Required action.
Restate word for word the lines of the entries below, starting with the line that holds "#112=CARTESIAN_POINT('',(-18.,5.5,-20.));" and ending with the line that holds "#119=LINE('',#118,#117);", and no others.

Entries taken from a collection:

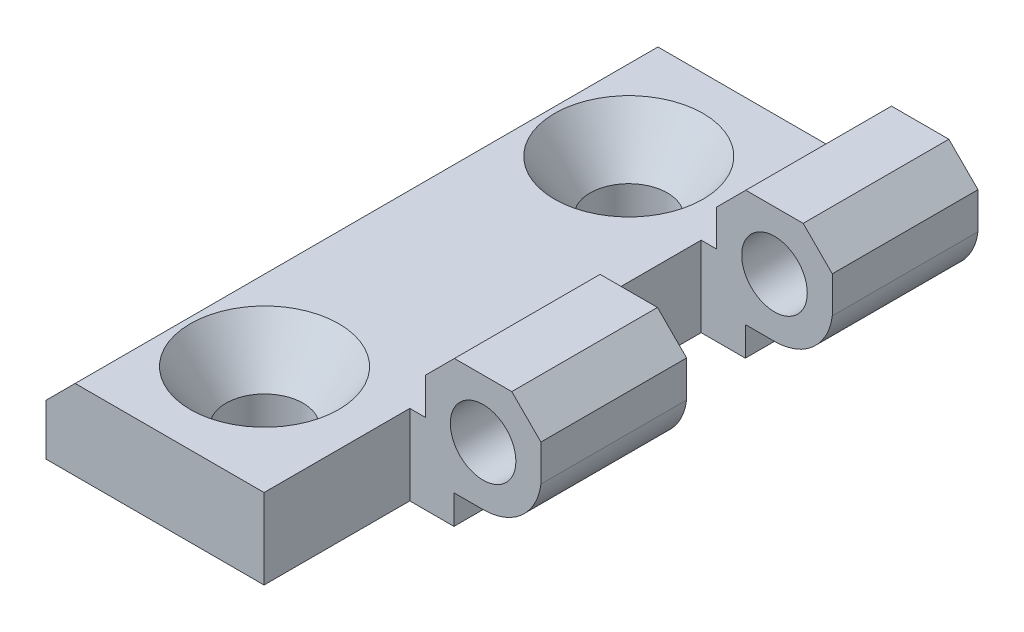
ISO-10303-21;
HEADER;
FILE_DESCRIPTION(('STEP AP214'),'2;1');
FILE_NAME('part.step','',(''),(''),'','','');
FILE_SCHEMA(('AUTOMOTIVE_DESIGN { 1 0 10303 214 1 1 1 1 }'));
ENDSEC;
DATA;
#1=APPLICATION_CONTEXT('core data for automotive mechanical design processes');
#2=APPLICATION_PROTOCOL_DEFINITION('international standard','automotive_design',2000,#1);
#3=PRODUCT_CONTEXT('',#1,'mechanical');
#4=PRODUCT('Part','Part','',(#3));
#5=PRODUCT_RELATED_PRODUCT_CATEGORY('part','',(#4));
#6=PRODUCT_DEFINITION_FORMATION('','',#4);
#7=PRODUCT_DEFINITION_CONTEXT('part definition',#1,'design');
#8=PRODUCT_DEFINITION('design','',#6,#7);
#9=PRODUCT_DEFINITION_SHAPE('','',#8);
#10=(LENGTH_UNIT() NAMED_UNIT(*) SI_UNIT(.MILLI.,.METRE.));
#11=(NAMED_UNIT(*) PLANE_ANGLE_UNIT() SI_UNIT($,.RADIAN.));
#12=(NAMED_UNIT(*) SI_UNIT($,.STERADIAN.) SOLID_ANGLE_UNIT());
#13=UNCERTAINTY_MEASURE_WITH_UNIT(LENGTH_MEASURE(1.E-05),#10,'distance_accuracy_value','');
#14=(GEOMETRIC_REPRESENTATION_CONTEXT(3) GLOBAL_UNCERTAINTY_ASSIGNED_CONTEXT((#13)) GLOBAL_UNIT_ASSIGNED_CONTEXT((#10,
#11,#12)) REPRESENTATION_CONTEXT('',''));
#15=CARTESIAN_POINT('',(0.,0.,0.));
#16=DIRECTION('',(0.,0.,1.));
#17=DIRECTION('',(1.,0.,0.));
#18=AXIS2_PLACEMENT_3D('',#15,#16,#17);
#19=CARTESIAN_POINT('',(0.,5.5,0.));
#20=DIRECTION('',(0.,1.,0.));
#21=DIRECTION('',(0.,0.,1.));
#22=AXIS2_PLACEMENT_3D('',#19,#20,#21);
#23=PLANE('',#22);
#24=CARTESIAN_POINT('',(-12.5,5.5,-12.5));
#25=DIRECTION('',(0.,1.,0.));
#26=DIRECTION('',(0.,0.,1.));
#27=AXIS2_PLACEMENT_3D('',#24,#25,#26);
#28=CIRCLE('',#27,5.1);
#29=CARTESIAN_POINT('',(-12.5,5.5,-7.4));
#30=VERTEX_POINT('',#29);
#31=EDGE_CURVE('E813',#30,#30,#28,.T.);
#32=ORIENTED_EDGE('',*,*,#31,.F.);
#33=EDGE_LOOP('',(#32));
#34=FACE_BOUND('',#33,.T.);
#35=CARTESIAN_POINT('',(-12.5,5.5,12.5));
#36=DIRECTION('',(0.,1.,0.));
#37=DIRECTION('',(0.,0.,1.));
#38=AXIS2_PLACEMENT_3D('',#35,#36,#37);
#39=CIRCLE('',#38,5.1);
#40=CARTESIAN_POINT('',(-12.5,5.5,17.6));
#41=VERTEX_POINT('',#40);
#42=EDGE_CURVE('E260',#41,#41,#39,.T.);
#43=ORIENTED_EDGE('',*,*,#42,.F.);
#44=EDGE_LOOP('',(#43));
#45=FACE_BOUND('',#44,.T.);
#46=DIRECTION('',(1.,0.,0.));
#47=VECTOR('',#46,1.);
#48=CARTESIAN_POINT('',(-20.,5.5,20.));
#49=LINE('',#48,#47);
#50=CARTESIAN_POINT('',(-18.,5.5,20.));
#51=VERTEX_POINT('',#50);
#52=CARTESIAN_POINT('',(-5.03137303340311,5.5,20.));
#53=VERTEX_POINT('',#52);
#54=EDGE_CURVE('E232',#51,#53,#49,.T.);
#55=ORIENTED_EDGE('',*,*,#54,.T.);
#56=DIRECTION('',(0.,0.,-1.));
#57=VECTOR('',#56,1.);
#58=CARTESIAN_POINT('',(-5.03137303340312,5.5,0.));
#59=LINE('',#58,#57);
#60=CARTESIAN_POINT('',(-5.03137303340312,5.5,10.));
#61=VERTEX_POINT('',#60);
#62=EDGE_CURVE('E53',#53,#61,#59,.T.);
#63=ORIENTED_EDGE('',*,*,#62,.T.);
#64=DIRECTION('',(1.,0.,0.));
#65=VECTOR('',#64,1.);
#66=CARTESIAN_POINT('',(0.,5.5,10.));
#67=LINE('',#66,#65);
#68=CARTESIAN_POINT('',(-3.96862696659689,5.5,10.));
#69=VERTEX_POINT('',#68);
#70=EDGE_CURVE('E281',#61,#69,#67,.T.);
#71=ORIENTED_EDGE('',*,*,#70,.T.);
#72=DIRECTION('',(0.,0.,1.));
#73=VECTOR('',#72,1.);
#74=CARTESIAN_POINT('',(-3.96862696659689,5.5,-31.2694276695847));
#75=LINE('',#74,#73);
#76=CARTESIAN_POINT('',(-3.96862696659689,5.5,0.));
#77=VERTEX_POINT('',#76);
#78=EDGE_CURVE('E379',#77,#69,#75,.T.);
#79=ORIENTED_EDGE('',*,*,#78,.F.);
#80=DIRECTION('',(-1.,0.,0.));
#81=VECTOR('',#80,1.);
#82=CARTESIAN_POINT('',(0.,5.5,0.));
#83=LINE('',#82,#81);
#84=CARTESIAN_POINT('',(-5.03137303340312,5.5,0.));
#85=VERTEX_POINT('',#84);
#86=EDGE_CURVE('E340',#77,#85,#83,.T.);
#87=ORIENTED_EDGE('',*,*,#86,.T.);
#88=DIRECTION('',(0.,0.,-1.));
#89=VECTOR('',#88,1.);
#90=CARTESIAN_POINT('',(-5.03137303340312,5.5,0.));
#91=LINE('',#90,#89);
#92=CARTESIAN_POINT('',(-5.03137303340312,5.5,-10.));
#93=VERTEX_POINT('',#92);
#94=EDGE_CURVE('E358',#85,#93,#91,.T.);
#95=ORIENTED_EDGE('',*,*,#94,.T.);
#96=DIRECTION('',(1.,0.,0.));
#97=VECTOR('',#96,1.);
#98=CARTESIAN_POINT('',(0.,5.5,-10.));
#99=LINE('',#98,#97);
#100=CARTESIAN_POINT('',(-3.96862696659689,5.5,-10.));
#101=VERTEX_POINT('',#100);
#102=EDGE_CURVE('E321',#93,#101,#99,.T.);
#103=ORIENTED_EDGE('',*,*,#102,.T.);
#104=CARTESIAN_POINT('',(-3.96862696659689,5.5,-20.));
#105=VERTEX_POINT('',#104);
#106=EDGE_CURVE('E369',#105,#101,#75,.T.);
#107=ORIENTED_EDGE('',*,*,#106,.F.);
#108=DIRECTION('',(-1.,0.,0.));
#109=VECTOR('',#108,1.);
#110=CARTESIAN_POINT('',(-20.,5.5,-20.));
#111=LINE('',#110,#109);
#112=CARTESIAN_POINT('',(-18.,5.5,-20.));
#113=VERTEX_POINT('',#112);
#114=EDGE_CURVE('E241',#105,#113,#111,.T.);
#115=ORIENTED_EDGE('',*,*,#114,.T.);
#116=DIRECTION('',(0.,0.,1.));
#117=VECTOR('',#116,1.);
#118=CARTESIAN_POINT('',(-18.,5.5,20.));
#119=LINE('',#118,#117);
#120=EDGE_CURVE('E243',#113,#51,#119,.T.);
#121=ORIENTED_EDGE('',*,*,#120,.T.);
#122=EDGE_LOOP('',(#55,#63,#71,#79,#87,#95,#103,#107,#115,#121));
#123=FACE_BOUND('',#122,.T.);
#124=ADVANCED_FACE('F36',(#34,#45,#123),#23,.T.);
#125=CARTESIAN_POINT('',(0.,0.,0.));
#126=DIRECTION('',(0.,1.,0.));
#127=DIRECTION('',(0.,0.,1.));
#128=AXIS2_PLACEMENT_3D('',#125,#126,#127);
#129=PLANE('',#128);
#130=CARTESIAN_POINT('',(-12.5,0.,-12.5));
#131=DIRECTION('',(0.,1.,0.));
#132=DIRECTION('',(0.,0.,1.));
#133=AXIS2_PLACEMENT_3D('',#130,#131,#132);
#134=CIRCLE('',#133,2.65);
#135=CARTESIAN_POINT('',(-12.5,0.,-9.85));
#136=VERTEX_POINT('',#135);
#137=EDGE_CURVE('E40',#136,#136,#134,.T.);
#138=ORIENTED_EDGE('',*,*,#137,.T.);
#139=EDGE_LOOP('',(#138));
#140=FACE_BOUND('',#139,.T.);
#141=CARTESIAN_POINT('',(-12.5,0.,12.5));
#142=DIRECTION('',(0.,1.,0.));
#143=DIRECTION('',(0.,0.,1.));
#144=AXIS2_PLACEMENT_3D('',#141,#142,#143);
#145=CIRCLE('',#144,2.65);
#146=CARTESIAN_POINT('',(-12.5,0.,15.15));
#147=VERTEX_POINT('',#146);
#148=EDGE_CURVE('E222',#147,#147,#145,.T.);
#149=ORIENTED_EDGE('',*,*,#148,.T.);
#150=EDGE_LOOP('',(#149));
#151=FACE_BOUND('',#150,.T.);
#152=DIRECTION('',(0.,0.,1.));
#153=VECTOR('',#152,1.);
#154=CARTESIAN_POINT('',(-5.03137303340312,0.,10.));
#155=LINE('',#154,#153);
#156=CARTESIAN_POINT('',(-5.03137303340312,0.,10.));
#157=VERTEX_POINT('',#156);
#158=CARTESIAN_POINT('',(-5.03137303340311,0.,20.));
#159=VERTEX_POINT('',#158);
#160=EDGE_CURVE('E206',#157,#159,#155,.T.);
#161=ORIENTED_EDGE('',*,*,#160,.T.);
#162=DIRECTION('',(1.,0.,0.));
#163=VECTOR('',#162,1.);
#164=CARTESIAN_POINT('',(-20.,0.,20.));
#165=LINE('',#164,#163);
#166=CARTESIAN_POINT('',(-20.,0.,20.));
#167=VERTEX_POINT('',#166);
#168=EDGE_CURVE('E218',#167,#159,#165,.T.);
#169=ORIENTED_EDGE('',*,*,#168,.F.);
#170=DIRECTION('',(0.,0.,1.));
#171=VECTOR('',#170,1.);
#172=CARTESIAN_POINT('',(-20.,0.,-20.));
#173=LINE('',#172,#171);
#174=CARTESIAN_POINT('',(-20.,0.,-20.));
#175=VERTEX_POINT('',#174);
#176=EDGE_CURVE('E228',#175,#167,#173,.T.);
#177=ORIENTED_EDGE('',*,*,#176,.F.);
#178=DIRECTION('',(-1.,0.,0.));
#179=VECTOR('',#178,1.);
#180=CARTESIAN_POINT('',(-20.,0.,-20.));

Result for this task.
#112=CARTESIAN_POINT('',(-18.,5.5,-20.));
#113=VERTEX_POINT('',#112);
#114=EDGE_CURVE('E241',#105,#113,#111,.T.);
#115=ORIENTED_EDGE('',*,*,#114,.T.);
#116=DIRECTION('',(0.,0.,1.));
#117=VECTOR('',#116,1.);
#118=CARTESIAN_POINT('',(-18.,5.5,20.));
#119=LINE('',#118,#117);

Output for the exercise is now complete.